Extract the lines up to and including the one that contains "#4920 = LINE ( 'NONE', #11718, #16028 ) ;", starting with the first line of the entries below, and omit the pictures.

===== INPUT DATA =====

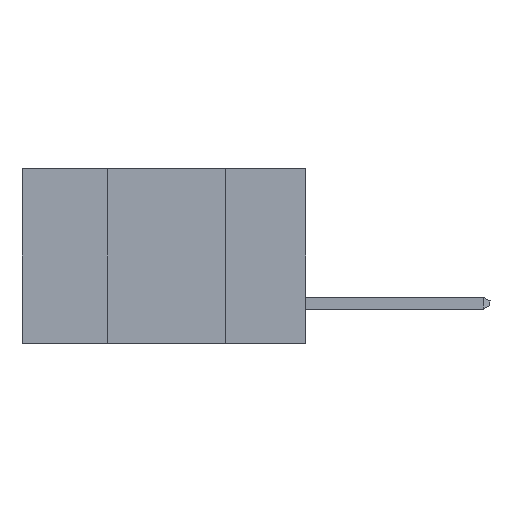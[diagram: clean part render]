
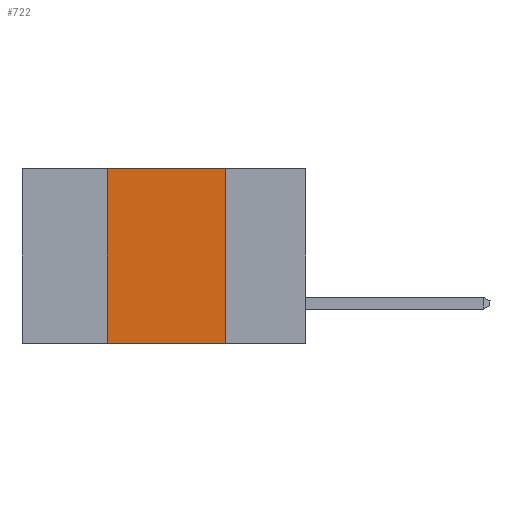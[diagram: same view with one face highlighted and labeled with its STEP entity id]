
A CAD part, left-side view. The second image highlights one B-rep face of the part: STEP entity #722.
In plain terms, the highlighted planar face has unit normal (-1, 0, 0).
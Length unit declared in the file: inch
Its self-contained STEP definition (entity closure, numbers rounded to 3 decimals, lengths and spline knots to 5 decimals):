
#139 = DIRECTION ( 'NONE',  ( 1., 0., 0. ) ) ;
#722 = ADVANCED_FACE ( 'NONE', ( #3275 ), #11412, .F. ) ;
#1248 = CARTESIAN_POINT ( 'NONE',  ( 0., 0.42, 0. ) ) ;
#1423 = LINE ( 'NONE', #4122, #11822 ) ;
#2596 = ORIENTED_EDGE ( 'NONE', *, *, #16480, .F. ) ;
#3275 = FACE_OUTER_BOUND ( 'NONE', #5097, .T. ) ;
#3445 = VERTEX_POINT ( 'NONE', #5463 ) ;
#3858 = DIRECTION ( 'NONE',  ( 0., 0., -1. ) ) ;
#3995 = VECTOR ( 'NONE', #10550, 39.37008 ) ;
#4122 = CARTESIAN_POINT ( 'NONE',  ( 0., 0.6, 0. ) ) ;
#4706 = CARTESIAN_POINT ( 'NONE',  ( 0., 0.6, 0. ) ) ;
#4920 = LINE ( 'NONE', #11718, #16028 ) ;
#5097 = EDGE_LOOP ( 'NONE', ( #2596, #10657, #6642, #9796 ) ) ;
#5463 = CARTESIAN_POINT ( 'NONE',  ( 0., 0.42, -0.37 ) ) ;
#5521 = VERTEX_POINT ( 'NONE', #7722 ) ;
#5843 = DIRECTION ( 'NONE',  ( 0., -1., 0. ) ) ;
#6085 = VERTEX_POINT ( 'NONE', #8357 ) ;
#6489 = EDGE_CURVE ( 'NONE', #15277, #5521, #1423, .T. ) ;
#6642 = ORIENTED_EDGE ( 'NONE', *, *, #9007, .F. ) ;
#6682 = VECTOR ( 'NONE', #5843, 39.37008 ) ;
#7191 = DIRECTION ( 'NONE',  ( 0., 0., -1. ) ) ;
#7722 = CARTESIAN_POINT ( 'NONE',  ( 0., 0.17, 0. ) ) ;
#7744 = DIRECTION ( 'NONE',  ( 0., -1., 0. ) ) ;
#8357 = CARTESIAN_POINT ( 'NONE',  ( 0., 0.17, -0.37 ) ) ;
#9007 = EDGE_CURVE ( 'NONE', #3445, #15277, #13224, .T. ) ;
#9796 = ORIENTED_EDGE ( 'NONE', *, *, #10224, .T. ) ;
#10224 = EDGE_CURVE ( 'NONE', #3445, #6085, #13874, .T. ) ;
#10550 = DIRECTION ( 'NONE',  ( 0., 0., 1. ) ) ;
#10657 = ORIENTED_EDGE ( 'NONE', *, *, #6489, .F. ) ;
#11412 = PLANE ( 'NONE',  #15279 ) ;
#11718 = CARTESIAN_POINT ( 'NONE',  ( 0., 0.17, -0.37 ) ) ;
#11822 = VECTOR ( 'NONE', #7744, 39.37008 ) ;
#13224 = LINE ( 'NONE', #15587, #3995 ) ;
#13874 = LINE ( 'NONE', #15355, #6682 ) ;
#15277 = VERTEX_POINT ( 'NONE', #1248 ) ;
#15279 = AXIS2_PLACEMENT_3D ( 'NONE', #4706, #139, #7191 ) ;
#15355 = CARTESIAN_POINT ( 'NONE',  ( 0., 0.6, -0.37 ) ) ;
#15587 = CARTESIAN_POINT ( 'NONE',  ( 0., 0.42, -0.37 ) ) ;
#16028 = VECTOR ( 'NONE', #3858, 39.37008 ) ;
#16480 = EDGE_CURVE ( 'NONE', #5521, #6085, #4920, .T. ) ;

=====

> EXPECTED ANSWER:
[diagram: clean part render]
[diagram: same view with one face highlighted and labeled with its STEP entity id]
A CAD part, left-side view. The second image highlights one B-rep face of the part: STEP entity #722.
In plain terms, the highlighted planar face has unit normal (-1, 0, 0).
Length unit declared in the file: inch
Its self-contained STEP definition (entity closure, numbers rounded to 3 decimals, lengths and spline knots to 5 decimals):
#139 = DIRECTION ( 'NONE',  ( 1., 0., 0. ) ) ;
#722 = ADVANCED_FACE ( 'NONE', ( #3275 ), #11412, .F. ) ;
#1248 = CARTESIAN_POINT ( 'NONE',  ( 0., 0.42, 0. ) ) ;
#1423 = LINE ( 'NONE', #4122, #11822 ) ;
#2596 = ORIENTED_EDGE ( 'NONE', *, *, #16480, .F. ) ;
#3275 = FACE_OUTER_BOUND ( 'NONE', #5097, .T. ) ;
#3445 = VERTEX_POINT ( 'NONE', #5463 ) ;
#3858 = DIRECTION ( 'NONE',  ( 0., 0., -1. ) ) ;
#3995 = VECTOR ( 'NONE', #10550, 39.37008 ) ;
#4122 = CARTESIAN_POINT ( 'NONE',  ( 0., 0.6, 0. ) ) ;
#4706 = CARTESIAN_POINT ( 'NONE',  ( 0., 0.6, 0. ) ) ;
#4920 = LINE ( 'NONE', #11718, #16028 ) ;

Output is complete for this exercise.